▸ **DATA SHOWN**

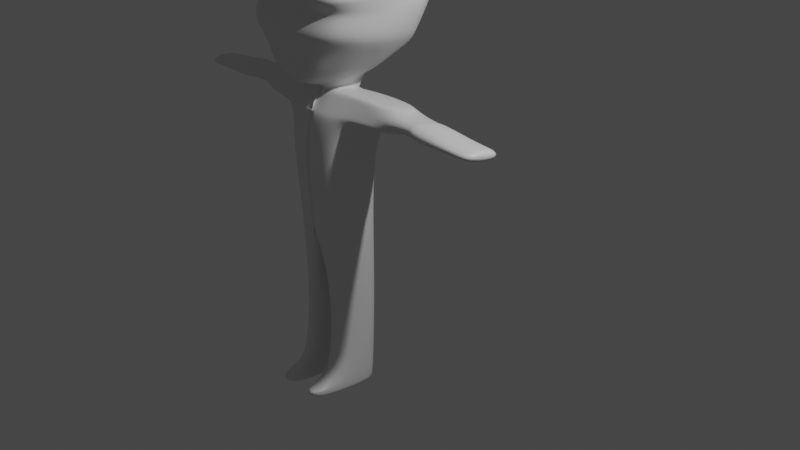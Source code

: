 # Source: 2118055_RidhoArif_Tugas4.blend  (saved by Blender 2.83.21; exported with 4.5.12 LTS)
import bpy
from mathutils import Matrix  # noqa: F401  (used for matrix-valued properties, if any)

bpy.ops.wm.read_factory_settings(use_empty=True)
scene = bpy.context.scene
scene.name = 'Scene'

# ---- collections
col_collection = bpy.data.collections.new('Collection'); scene.collection.children.link(col_collection)

# ---- materials (node trees are filled in below, after node groups)
mat_material = bpy.data.materials.new('Material')
mat_material.alpha_threshold = 0.0
mat_material.use_transparent_shadow = False
mat_material.line_color = (0.0, 0.0, 0.0, 1.0)

# ---- material node trees
mat_material.use_nodes = True; mat_material.node_tree.nodes.clear()
_N = mat_material.node_tree.nodes; _L = mat_material.node_tree.links
n0 = _N.new('ShaderNodeOutputMaterial'); n0.name = 'Material Output'; n0.location = (300, 300)
n1 = _N.new('ShaderNodeBsdfPrincipled'); n1.name = 'Principled BSDF'; n1.location = (10, 300)
n1.distribution = 'GGX'
n1.subsurface_method = 'BURLEY'
n1.inputs[2].default_value = 0.4
n1.inputs[3].default_value = 1.45
n1.inputs[27].default_value = (0.0, 0.0, 0.0, 1.0)
n1.inputs[28].default_value = 1.0
_L.new(n1.outputs[0], n0.inputs[0])
n0.is_active_output = True

# ---- world
world_world = bpy.data.worlds.new('World'); scene.world = world_world
world_world.use_nodes = True; world_world.node_tree.nodes.clear()
_N = world_world.node_tree.nodes; _L = world_world.node_tree.links
n0 = _N.new('ShaderNodeOutputWorld'); n0.name = 'World Output'; n0.location = (300, 300)
n1 = _N.new('ShaderNodeBackground'); n1.name = 'Background'; n1.location = (10, 300)
n1.inputs[0].default_value = (0.05088, 0.05088, 0.05088, 1.0)
_L.new(n1.outputs[0], n0.inputs[0])
n0.is_active_output = True
world_world.color = (0.05088, 0.05088, 0.05088)
world_world.use_sun_shadow = False
world_world.sun_shadow_jitter_overblur = 0.0

# ---- cameras
cam_camera = bpy.data.cameras.new('Camera')
cam_camera.clip_end = 100.0
cam_camera.ortho_scale = 7.314

# ---- lights
light_light = bpy.data.lights.new('Light', 'POINT')
light_light.transmission_factor = 0.0
light_light.energy = 1000.0
light_light.shadow_soft_size = 0.1
light_light.shadow_maximum_resolution = 0.006
light_light.use_absolute_resolution = True

# ---- meshes
me_cube = bpy.data.meshes.new('Cube')
me_cube.from_pydata([(0.7047, 0.7901, 0.727), (0.4018, 0.323, -0.8901), (0.6189, -0.9511, 0.9927), (0.4018, -0.8786, -0.8469), (0.1995, 0.3985, -0.8852), (0.0, 0.3784, -0.9145), (0.7472, 0.991, 0.3725), (0.8227, 0.971, -0.00178), (0.7872, 0.6944, -0.5632), (0.7472, -0.8625, 0.2285), (0.8227, -0.971, -0.00178), (0.7872, -0.9768, -0.376), (0.2787, -1.049, 1.042), (0.0, -1.083, 1.071), (0.7182, 0.434, 0.7761), (0.7466, 1.71e-08, 0.8053), (0.6324, -0.434, 0.8258), (0.0, -1.025, -1.055), (0.1995, -1.031, -1.025), (0.0, 0.9221, 0.8053), (0.3645, 0.8883, 0.7761), (0.4842, -0.4735, -0.8906), (0.5126, -0.03953, -0.9613), (0.4842, 0.05812, -1.033), (0.0, 0.8553, -0.6603), (0.413, 0.7974, -0.6352), (0.0, 1.299, -4.557e-07), (0.4313, 1.226, -4.557e-07), (0.0, 1.262, 0.4731), (0.413, 1.204, 0.448), (0.9267, 0.4522, -0.448), (0.9754, -0.03953, -0.4731), (0.9267, -0.4917, -0.448), (0.9838, 0.5135, 0.02664), (1.045, 1.636e-08, 0.02819), (0.9838, -0.5135, 0.02664), (0.9809, 0.4917, 0.328), (1.029, 1.689e-08, 0.3543), (0.9809, -0.4917, 0.328), (0.0, 0.3017, -1.015), (0.0, 0.1246, -1.205), (0.0, -0.3812, -1.154), (0.2693, 0.28, -0.9489), (0.2936, 1.71e-08, -1.126), (0.2693, -0.4917, -1.035), (0.413, -1.143, -0.448), (0.0, -1.201, -0.4731), (0.4313, -1.067, -0.03599), (0.0, -1.14, -0.03599), (0.413, -1.029, 0.3041), (0.0, -0.9745, 0.3292), (0.4343, 0.4917, 0.9231), (0.4586, 1.71e-08, 0.9733), (0.4343, -0.4917, 0.9231), (0.0, 0.5135, 0.9139), (0.0, 1.71e-08, 0.9773), (0.0, -0.5135, 0.9139), (0.8059, 0.9727, -0.1784), (0.8059, -0.8093, -0.1784), (0.0, 1.227, -0.4104), (0.4227, 1.012, -0.3986), (0.9641, 0.649, -0.21), (1.02, 0.1457, -0.2211), (0.9641, -0.3575, -0.21), (0.4227, -0.9781, -0.2304), (0.0, -1.044, -0.2423), (0.711, 0.6236, -0.7299), (0.711, -0.8378, -0.5134), (0.0, 0.7419, -0.8321), (0.3605, 0.7067, -0.8057), (0.8339, 0.4476, -0.6186), (0.8766, 0.07077, -0.6155), (0.8339, -0.4041, -0.5771), (0.3467, -0.9999, -0.6164), (0.0, -1.051, -0.6427), (0.7305, 0.9805, 0.1744), (0.7305, -0.9199, 0.1067), (0.0, 1.282, 0.2228), (0.3661, 1.216, 0.2109), (0.8877, 0.5033, 0.2123), (0.9427, 1.661e-08, 0.2255), (0.8877, -0.5033, 0.2123), (0.3661, -1.049, 0.1241), (0.0, -1.062, 0.1359), (0.0, 0.07432, -1.288), (0.0, -0.4314, -1.237), (0.2271, 0.2297, -1.032), (0.2514, 0.07432, -1.209), (0.1236, -0.4096, -1.171), (0.0, -0.5997, -2.852), (0.0, 0.2061, -2.978), (0.0, -0.65, -2.915), (0.1329, 0.2061, -3.815), (0.1086, -0.6282, -3.766), (0.0, -0.5913, -2.68), (0.0, -0.6416, -2.763), (0.1907, -0.6198, -2.745), (0.2151, 0.08992, -2.633), (0.0, 0.08992, -2.664), (0.2069, -0.7311, -1.918), (0.2312, 0.1421, -1.968), (0.0, 0.1421, -2.047), (0.0, -0.7026, -1.901), (0.0, -0.7529, -1.984), (0.3031, -0.6128, -1.472), (0.3827, 0.2137, -1.564), (0.0, 0.2137, -1.541), (0.0, -0.5844, -1.354), (0.0, -0.6346, -1.436), (0.6377, 0.2127, -1.216), (0.5651, -0.2713, -1.179), (0.4474, 0.3444, -3.812), (0.4231, -0.4899, -3.762), (0.6176, -0.4745, -1.45), (0.6419, 0.352, -1.541), (0.5052, -0.4815, -2.722), (0.5296, 0.2283, -2.61), (0.5213, -0.5928, -1.895), (0.5457, 0.2805, -1.945), (1.333, 0.2569, -1.252), (1.261, -0.227, -1.214), (1.313, -0.4302, -1.485), (1.338, 0.3963, -1.577), (0.1563, 0.1322, -4.908), (0.132, -0.7021, -4.858), (0.4708, 0.2705, -4.905), (0.4465, -0.5638, -4.855), (0.2745, -0.5805, -1.424), (0.3618, 0.1915, -1.508), (0.0, 0.1915, -1.501), (0.0, -0.552, -1.322), (0.0, -0.6023, -1.405), (0.6092, -0.4421, -1.406), (0.6412, 0.3298, -1.489), (1.305, -0.3979, -1.442), (1.337, 0.3741, -1.525), (0.1449, -0.4338, -1.207), (0.267, 0.09087, -1.251), (0.0, 0.09087, -1.318), (0.5713, -0.2954, -1.211), (0.6382, 0.2292, -1.255), (1.267, -0.2512, -1.246), (1.334, 0.2734, -1.29), (0.0, -0.4053, -1.178), (0.0, -0.4555, -1.261), (1.546, -0.4332, -1.445), (1.578, 0.3387, -1.528), (1.508, -0.2865, -1.249), (1.575, 0.2381, -1.293), (1.62, -0.4516, -1.432), (1.652, 0.3204, -1.5), (1.582, -0.3049, -1.237), (1.649, 0.2198, -1.308), (1.681, -0.4603, -1.472), (1.756, 0.3116, -1.557), (1.686, -0.3136, -1.256), (1.753, 0.211, -1.26), (2.583, -0.4655, -1.457), (2.658, 0.3064, -1.54), (2.588, -0.3188, -1.315), (2.655, 0.2058, -1.36), (2.351, -0.3161, -1.332), (2.418, 0.2085, -1.376), (2.346, -0.4628, -1.43), (2.421, 0.3091, -1.513), (0.133, 0.1108, -5.117), (0.1087, -0.7235, -5.067), (0.4475, 0.2492, -5.114), (0.4232, -0.5851, -5.064), (0.4475, 0.2624, -5.047), (0.1331, 0.124, -5.05), (0.4232, -0.5719, -4.997), (0.1087, -0.7103, -5.001), (0.1541, -1.089, -4.917), (0.3934, -1.103, -4.914), (0.161, -1.115, -5.003), (0.4003, -1.097, -4.999), (0.4004, -1.083, -4.933), (0.1611, -1.135, -4.936), (0.8181, 0.9715, -0.05004), (0.8181, -0.9268, -0.05004), (0.0, 1.28, -0.1122), (0.4289, 1.168, -0.1089), (0.9784, 0.5505, -0.03804), (1.038, 0.03983, -0.03992), (0.9784, -0.4709, -0.03804), (0.4289, -1.032, -0.08913), (0.0, -1.103, -0.09237), (0.8113, 0.9721, -0.1216), (0.8113, -0.8613, -0.1216), (0.0, 1.25, -0.2785), (0.4254, 1.081, -0.2704), (0.9705, 0.6054, -0.1339), (1.028, 0.09889, -0.1409), (0.9705, -0.4077, -0.1339), (0.4254, -0.98, -0.1679), (0.0, -1.048, -0.176)], [], [(44, 21, 3, 18), (38, 16, 2, 9), (29, 20, 0, 6), (69, 25, 8, 66), (182, 27, 7, 179), (78, 29, 6, 75), (68, 24, 25, 69), (181, 26, 27, 182), (77, 28, 29, 78), (28, 19, 20, 29), (72, 32, 11, 67), (185, 35, 10, 180), (81, 38, 9, 76), (66, 8, 30, 70), (70, 30, 31, 71), (71, 31, 32, 72), (179, 7, 33, 183), (183, 33, 34, 184), (184, 34, 35, 185), (75, 6, 36, 79), (79, 36, 37, 80), (80, 37, 38, 81), (6, 0, 14, 36), (36, 14, 15, 37), (37, 15, 16, 38), (41, 44, 18, 17), (5, 4, 42, 39), (39, 42, 43, 40), (42, 43, 87, 86), (4, 1, 23, 42), (42, 23, 22, 43), (43, 22, 21, 44), (67, 11, 45, 73), (73, 45, 46, 74), (180, 10, 47, 186), (186, 47, 48, 187), (76, 9, 49, 82), (82, 49, 50, 83), (9, 2, 12, 49), (49, 12, 13, 50), (16, 53, 12, 2), (53, 56, 13, 12), (0, 20, 51, 14), (14, 51, 52, 15), (15, 52, 53, 16), (20, 19, 54, 51), (51, 54, 55, 52), (52, 55, 56, 53), (45, 64, 65, 46), (11, 58, 64, 45), (31, 62, 63, 32), (30, 61, 62, 31), (8, 57, 61, 30), (32, 63, 58, 11), (24, 59, 60, 25), (25, 60, 57, 8), (18, 73, 74, 17), (3, 67, 73, 18), (22, 71, 72, 21), (23, 70, 71, 22), (1, 66, 70, 23), (21, 72, 67, 3), (5, 68, 69, 4), (4, 69, 66, 1), (47, 82, 83, 48), (10, 76, 82, 47), (34, 80, 81, 35), (33, 79, 80, 34), (7, 75, 79, 33), (35, 81, 76, 10), (26, 77, 78, 27), (27, 78, 75, 7), (96, 95, 91, 93), (40, 43, 87, 84), (43, 44, 88, 87), (44, 41, 85, 88), (90, 92, 93, 91), (100, 105, 114, 118), (95, 94, 89, 91), (98, 97, 92, 90), (101, 100, 97, 98), (103, 102, 94, 95), (137, 87, 109, 140), (99, 103, 95, 96), (104, 108, 103, 99), (104, 99, 117, 113), (108, 107, 102, 103), (106, 105, 100, 101), (129, 128, 105, 106), (131, 130, 107, 108), (87, 88, 110, 109), (127, 131, 108, 104), (116, 115, 112, 111), (118, 117, 115, 116), (114, 113, 117, 118), (132, 113, 121, 134), (96, 93, 112, 115), (99, 96, 115, 117), (92, 97, 116, 111), (97, 100, 118, 116), (112, 93, 124, 126), (127, 104, 113, 132), (135, 134, 121, 122), (109, 110, 120, 119), (140, 109, 119, 142), (113, 114, 122, 121), (170, 169, 167, 165), (111, 112, 126, 125), (93, 92, 123, 124), (92, 111, 125, 123), (114, 133, 135, 122), (142, 141, 147, 148), (136, 127, 132, 139), (139, 132, 134, 141), (136, 144, 131, 127), (144, 143, 130, 131), (138, 137, 128, 129), (105, 128, 133, 114), (84, 87, 137, 138), (85, 41, 143, 144), (88, 85, 144, 136), (110, 139, 141, 120), (88, 136, 139, 110), (119, 120, 141, 142), (133, 140, 142, 135), (128, 137, 140, 133), (146, 148, 152, 150), (135, 142, 148, 146), (134, 135, 146, 145), (141, 134, 145, 147), (149, 150, 154, 153), (145, 146, 150, 149), (148, 147, 151, 152), (147, 145, 149, 151), (162, 161, 159, 160), (152, 151, 155, 156), (151, 149, 153, 155), (150, 152, 156, 154), (160, 159, 157, 158), (161, 163, 157, 159), (164, 162, 160, 158), (163, 164, 158, 157), (153, 154, 164, 163), (154, 156, 162, 164), (155, 153, 163, 161), (156, 155, 161, 162), (166, 165, 167, 168), (169, 171, 168, 167), (126, 124, 173, 174), (172, 170, 165, 166), (124, 123, 170, 172), (171, 126, 174, 177), (125, 126, 171, 169), (123, 125, 169, 170), (177, 178, 175, 176), (174, 173, 178, 177), (168, 171, 177, 176), (166, 168, 176, 175), (124, 172, 178, 173), (172, 166, 175, 178), (195, 186, 187, 196), (189, 180, 186, 195), (193, 184, 185, 194), (192, 183, 184, 193), (188, 179, 183, 192), (194, 185, 180, 189), (190, 181, 182, 191), (191, 182, 179, 188), (60, 191, 188, 57), (59, 190, 191, 60), (63, 194, 189, 58), (57, 188, 192, 61), (61, 192, 193, 62), (62, 193, 194, 63), (58, 189, 195, 64), (64, 195, 196, 65)])
me_cube.polygons.foreach_set('use_smooth', [True] * 176)
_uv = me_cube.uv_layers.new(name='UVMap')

▸ **ACTIVITY**
Among the records above, repeat exactly the line with "col_collection = bpy.data.collections.new('Collection');", the line with "n1.subsurface_method = 'BURLEY'", and every line in between, and only those.

▸ **EXPECTED ANSWER**
col_collection = bpy.data.collections.new('Collection'); scene.collection.children.link(col_collection)

# ---- materials (node trees are filled in below, after node groups)
mat_material = bpy.data.materials.new('Material')
mat_material.alpha_threshold = 0.0
mat_material.use_transparent_shadow = False
mat_material.line_color = (0.0, 0.0, 0.0, 1.0)

# ---- material node trees
mat_material.use_nodes = True; mat_material.node_tree.nodes.clear()
_N = mat_material.node_tree.nodes; _L = mat_material.node_tree.links
n0 = _N.new('ShaderNodeOutputMaterial'); n0.name = 'Material Output'; n0.location = (300, 300)
n1 = _N.new('ShaderNodeBsdfPrincipled'); n1.name = 'Principled BSDF'; n1.location = (10, 300)
n1.distribution = 'GGX'
n1.subsurface_method = 'BURLEY'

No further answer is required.